### [AIM OF THE TASK]
A faithful repeat of all the records, with no image kept, is the required answer.

Excerpts from a dataset
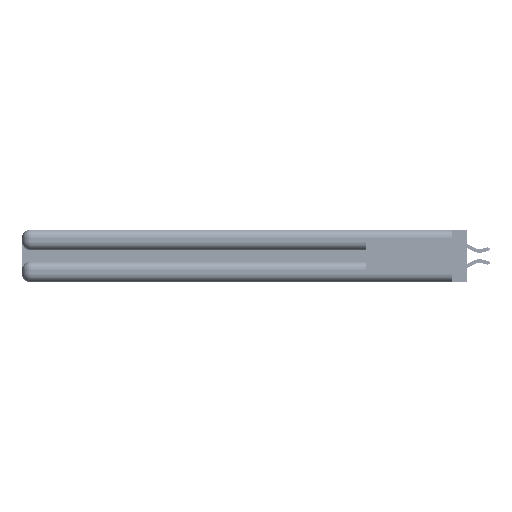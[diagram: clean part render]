
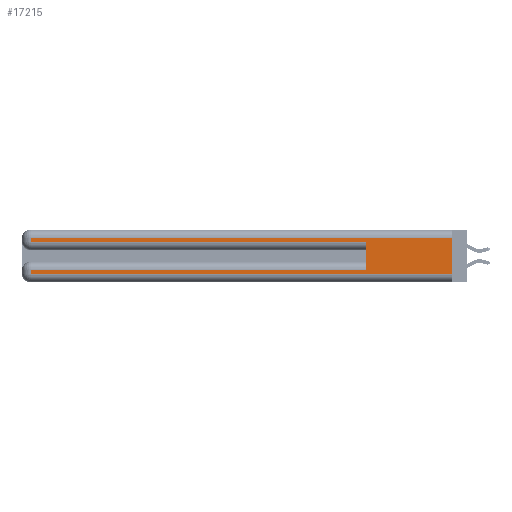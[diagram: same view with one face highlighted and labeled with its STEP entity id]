
A CAD part, left-side view. The second image highlights one B-rep face of the part: STEP entity #17215.
In plain terms, the highlighted planar face has unit normal (-1, 0, 0).
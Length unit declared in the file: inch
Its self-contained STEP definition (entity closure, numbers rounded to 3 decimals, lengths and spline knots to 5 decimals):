
#542 = CARTESIAN_POINT ( 'NONE',  ( 0., 0., 0.06 ) ) ;
#579 = LINE ( 'NONE', #45675, #24502 ) ;
#1467 = DIRECTION ( 'NONE',  ( 0., 0., -1. ) ) ;
#2036 = LINE ( 'NONE', #45290, #51804 ) ;
#2697 = DIRECTION ( 'NONE',  ( 0., 0., -1. ) ) ;
#3365 = EDGE_CURVE ( 'NONE', #28711, #39993, #21000, .T. ) ;
#4002 = EDGE_CURVE ( 'NONE', #28711, #15115, #22827, .T. ) ;
#4236 = CARTESIAN_POINT ( 'NONE',  ( 0., 0., 0.31 ) ) ;
#5687 = CARTESIAN_POINT ( 'NONE',  ( 0., 0.6, 0.085 ) ) ;
#6305 = ORIENTED_EDGE ( 'NONE', *, *, #33619, .T. ) ;
#7070 = EDGE_CURVE ( 'NONE', #33870, #39993, #579, .T. ) ;
#7584 = VERTEX_POINT ( 'NONE', #41223 ) ;
#7816 = LINE ( 'NONE', #28096, #29872 ) ;
#8407 = DIRECTION ( 'NONE',  ( 0., 0., -1. ) ) ;
#8957 = ORIENTED_EDGE ( 'NONE', *, *, #43335, .T. ) ;
#9900 = EDGE_CURVE ( 'NONE', #14827, #7584, #7816, .T. ) ;
#12259 = DIRECTION ( 'NONE',  ( 0., 0., 1. ) ) ;
#13773 = CARTESIAN_POINT ( 'NONE',  ( 0., 2.94, 0.37 ) ) ;
#14492 = CARTESIAN_POINT ( 'NONE',  ( 0., 0.6, 0.285 ) ) ;
#14827 = VERTEX_POINT ( 'NONE', #4236 ) ;
#15115 = VERTEX_POINT ( 'NONE', #17909 ) ;
#15241 = VECTOR ( 'NONE', #43503, 39.37008 ) ;
#17215 = ADVANCED_FACE ( 'NONE', ( #32894 ), #42638, .F. ) ;
#17909 = CARTESIAN_POINT ( 'NONE',  ( 0., 2.94, 0.085 ) ) ;
#19731 = VECTOR ( 'NONE', #12259, 39.37008 ) ;
#21000 = LINE ( 'NONE', #48001, #19731 ) ;
#21458 = ORIENTED_EDGE ( 'NONE', *, *, #7070, .T. ) ;
#22634 = EDGE_CURVE ( 'NONE', #15115, #23603, #2036, .T. ) ;
#22827 = LINE ( 'NONE', #27677, #15241 ) ;
#23102 = CARTESIAN_POINT ( 'NONE',  ( 0., 0., 0.37 ) ) ;
#23603 = VERTEX_POINT ( 'NONE', #30271 ) ;
#24060 = VECTOR ( 'NONE', #28690, 39.37008 ) ;
#24502 = VECTOR ( 'NONE', #37563, 39.37008 ) ;
#25781 = ORIENTED_EDGE ( 'NONE', *, *, #9900, .F. ) ;
#26779 = VECTOR ( 'NONE', #1467, 39.37008 ) ;
#27677 = CARTESIAN_POINT ( 'NONE',  ( 0., 0., 0.085 ) ) ;
#27761 = ORIENTED_EDGE ( 'NONE', *, *, #22634, .T. ) ;
#28035 = LINE ( 'NONE', #13773, #26779 ) ;
#28096 = CARTESIAN_POINT ( 'NONE',  ( 0., 0., 0.37 ) ) ;
#28264 = AXIS2_PLACEMENT_3D ( 'NONE', #23102, #38760, #2697 ) ;
#28689 = EDGE_CURVE ( 'NONE', #45831, #33870, #28035, .T. ) ;
#28690 = DIRECTION ( 'NONE',  ( 0., -1., 0. ) ) ;
#28711 = VERTEX_POINT ( 'NONE', #5687 ) ;
#29190 = CARTESIAN_POINT ( 'NONE',  ( 0., 0., 0.31 ) ) ;
#29872 = VECTOR ( 'NONE', #8407, 39.37008 ) ;
#30271 = CARTESIAN_POINT ( 'NONE',  ( 0., 2.94, 0.06 ) ) ;
#31910 = ORIENTED_EDGE ( 'NONE', *, *, #3365, .F. ) ;
#32894 = FACE_OUTER_BOUND ( 'NONE', #43858, .T. ) ;
#33619 = EDGE_CURVE ( 'NONE', #23603, #7584, #49909, .T. ) ;
#33870 = VERTEX_POINT ( 'NONE', #33959 ) ;
#33928 = ORIENTED_EDGE ( 'NONE', *, *, #4002, .T. ) ;
#33959 = CARTESIAN_POINT ( 'NONE',  ( 0., 2.94, 0.285 ) ) ;
#34591 = LINE ( 'NONE', #29190, #45892 ) ;
#37363 = DIRECTION ( 'NONE',  ( 0., 0., -1. ) ) ;
#37563 = DIRECTION ( 'NONE',  ( 0., -1., 0. ) ) ;
#38760 = DIRECTION ( 'NONE',  ( 1., 0., 0. ) ) ;
#39993 = VERTEX_POINT ( 'NONE', #14492 ) ;
#41162 = DIRECTION ( 'NONE',  ( 0., 1., 0. ) ) ;
#41223 = CARTESIAN_POINT ( 'NONE',  ( 0., 0., 0.06 ) ) ;
#42638 = PLANE ( 'NONE',  #28264 ) ;
#43335 = EDGE_CURVE ( 'NONE', #14827, #45831, #34591, .T. ) ;
#43503 = DIRECTION ( 'NONE',  ( 0., 1., 0. ) ) ;
#43858 = EDGE_LOOP ( 'NONE', ( #25781, #8957, #45035, #21458, #31910, #33928, #27761, #6305 ) ) ;
#45035 = ORIENTED_EDGE ( 'NONE', *, *, #28689, .T. ) ;
#45290 = CARTESIAN_POINT ( 'NONE',  ( 0., 2.94, 0.37 ) ) ;
#45675 = CARTESIAN_POINT ( 'NONE',  ( 0., 0., 0.285 ) ) ;
#45831 = VERTEX_POINT ( 'NONE', #47085 ) ;
#45892 = VECTOR ( 'NONE', #41162, 39.37008 ) ;
#47085 = CARTESIAN_POINT ( 'NONE',  ( 0., 2.94, 0.31 ) ) ;
#48001 = CARTESIAN_POINT ( 'NONE',  ( 0., 0.6, 0.145 ) ) ;
#49909 = LINE ( 'NONE', #542, #24060 ) ;
#51804 = VECTOR ( 'NONE', #37363, 39.37008 ) ;

### [ANSWER TO THIS TASK]
[diagram: clean part render]
[diagram: same view with one face highlighted and labeled with its STEP entity id]
A CAD part, left-side view. The second image highlights one B-rep face of the part: STEP entity #17215.
In plain terms, the highlighted planar face has unit normal (-1, 0, 0).
Length unit declared in the file: inch
Its self-contained STEP definition (entity closure, numbers rounded to 3 decimals, lengths and spline knots to 5 decimals):
#542 = CARTESIAN_POINT ( 'NONE',  ( 0., 0., 0.06 ) ) ;
#579 = LINE ( 'NONE', #45675, #24502 ) ;
#1467 = DIRECTION ( 'NONE',  ( 0., 0., -1. ) ) ;
#2036 = LINE ( 'NONE', #45290, #51804 ) ;
#2697 = DIRECTION ( 'NONE',  ( 0., 0., -1. ) ) ;
#3365 = EDGE_CURVE ( 'NONE', #28711, #39993, #21000, .T. ) ;
#4002 = EDGE_CURVE ( 'NONE', #28711, #15115, #22827, .T. ) ;
#4236 = CARTESIAN_POINT ( 'NONE',  ( 0., 0., 0.31 ) ) ;
#5687 = CARTESIAN_POINT ( 'NONE',  ( 0., 0.6, 0.085 ) ) ;
#6305 = ORIENTED_EDGE ( 'NONE', *, *, #33619, .T. ) ;
#7070 = EDGE_CURVE ( 'NONE', #33870, #39993, #579, .T. ) ;
#7584 = VERTEX_POINT ( 'NONE', #41223 ) ;
#7816 = LINE ( 'NONE', #28096, #29872 ) ;
#8407 = DIRECTION ( 'NONE',  ( 0., 0., -1. ) ) ;
#8957 = ORIENTED_EDGE ( 'NONE', *, *, #43335, .T. ) ;
#9900 = EDGE_CURVE ( 'NONE', #14827, #7584, #7816, .T. ) ;
#12259 = DIRECTION ( 'NONE',  ( 0., 0., 1. ) ) ;
#13773 = CARTESIAN_POINT ( 'NONE',  ( 0., 2.94, 0.37 ) ) ;
#14492 = CARTESIAN_POINT ( 'NONE',  ( 0., 0.6, 0.285 ) ) ;
#14827 = VERTEX_POINT ( 'NONE', #4236 ) ;
#15115 = VERTEX_POINT ( 'NONE', #17909 ) ;
#15241 = VECTOR ( 'NONE', #43503, 39.37008 ) ;
#17215 = ADVANCED_FACE ( 'NONE', ( #32894 ), #42638, .F. ) ;
#17909 = CARTESIAN_POINT ( 'NONE',  ( 0., 2.94, 0.085 ) ) ;
#19731 = VECTOR ( 'NONE', #12259, 39.37008 ) ;
#21000 = LINE ( 'NONE', #48001, #19731 ) ;
#21458 = ORIENTED_EDGE ( 'NONE', *, *, #7070, .T. ) ;
#22634 = EDGE_CURVE ( 'NONE', #15115, #23603, #2036, .T. ) ;
#22827 = LINE ( 'NONE', #27677, #15241 ) ;
#23102 = CARTESIAN_POINT ( 'NONE',  ( 0., 0., 0.37 ) ) ;
#23603 = VERTEX_POINT ( 'NONE', #30271 ) ;
#24060 = VECTOR ( 'NONE', #28690, 39.37008 ) ;
#24502 = VECTOR ( 'NONE', #37563, 39.37008 ) ;
#25781 = ORIENTED_EDGE ( 'NONE', *, *, #9900, .F. ) ;
#26779 = VECTOR ( 'NONE', #1467, 39.37008 ) ;
#27677 = CARTESIAN_POINT ( 'NONE',  ( 0., 0., 0.085 ) ) ;
#27761 = ORIENTED_EDGE ( 'NONE', *, *, #22634, .T. ) ;
#28035 = LINE ( 'NONE', #13773, #26779 ) ;
#28096 = CARTESIAN_POINT ( 'NONE',  ( 0., 0., 0.37 ) ) ;
#28264 = AXIS2_PLACEMENT_3D ( 'NONE', #23102, #38760, #2697 ) ;
#28689 = EDGE_CURVE ( 'NONE', #45831, #33870, #28035, .T. ) ;
#28690 = DIRECTION ( 'NONE',  ( 0., -1., 0. ) ) ;
#28711 = VERTEX_POINT ( 'NONE', #5687 ) ;
#29190 = CARTESIAN_POINT ( 'NONE',  ( 0., 0., 0.31 ) ) ;
#29872 = VECTOR ( 'NONE', #8407, 39.37008 ) ;
#30271 = CARTESIAN_POINT ( 'NONE',  ( 0., 2.94, 0.06 ) ) ;
#31910 = ORIENTED_EDGE ( 'NONE', *, *, #3365, .F. ) ;
#32894 = FACE_OUTER_BOUND ( 'NONE', #43858, .T. ) ;
#33619 = EDGE_CURVE ( 'NONE', #23603, #7584, #49909, .T. ) ;
#33870 = VERTEX_POINT ( 'NONE', #33959 ) ;
#33928 = ORIENTED_EDGE ( 'NONE', *, *, #4002, .T. ) ;
#33959 = CARTESIAN_POINT ( 'NONE',  ( 0., 2.94, 0.285 ) ) ;
#34591 = LINE ( 'NONE', #29190, #45892 ) ;
#37363 = DIRECTION ( 'NONE',  ( 0., 0., -1. ) ) ;
#37563 = DIRECTION ( 'NONE',  ( 0., -1., 0. ) ) ;
#38760 = DIRECTION ( 'NONE',  ( 1., 0., 0. ) ) ;
#39993 = VERTEX_POINT ( 'NONE', #14492 ) ;
#41162 = DIRECTION ( 'NONE',  ( 0., 1., 0. ) ) ;
#41223 = CARTESIAN_POINT ( 'NONE',  ( 0., 0., 0.06 ) ) ;
#42638 = PLANE ( 'NONE',  #28264 ) ;
#43335 = EDGE_CURVE ( 'NONE', #14827, #45831, #34591, .T. ) ;
#43503 = DIRECTION ( 'NONE',  ( 0., 1., 0. ) ) ;
#43858 = EDGE_LOOP ( 'NONE', ( #25781, #8957, #45035, #21458, #31910, #33928, #27761, #6305 ) ) ;
#45035 = ORIENTED_EDGE ( 'NONE', *, *, #28689, .T. ) ;
#45290 = CARTESIAN_POINT ( 'NONE',  ( 0., 2.94, 0.37 ) ) ;
#45675 = CARTESIAN_POINT ( 'NONE',  ( 0., 0., 0.285 ) ) ;
#45831 = VERTEX_POINT ( 'NONE', #47085 ) ;
#45892 = VECTOR ( 'NONE', #41162, 39.37008 ) ;
#47085 = CARTESIAN_POINT ( 'NONE',  ( 0., 2.94, 0.31 ) ) ;
#48001 = CARTESIAN_POINT ( 'NONE',  ( 0., 0.6, 0.145 ) ) ;
#49909 = LINE ( 'NONE', #542, #24060 ) ;
#51804 = VECTOR ( 'NONE', #37363, 39.37008 ) ;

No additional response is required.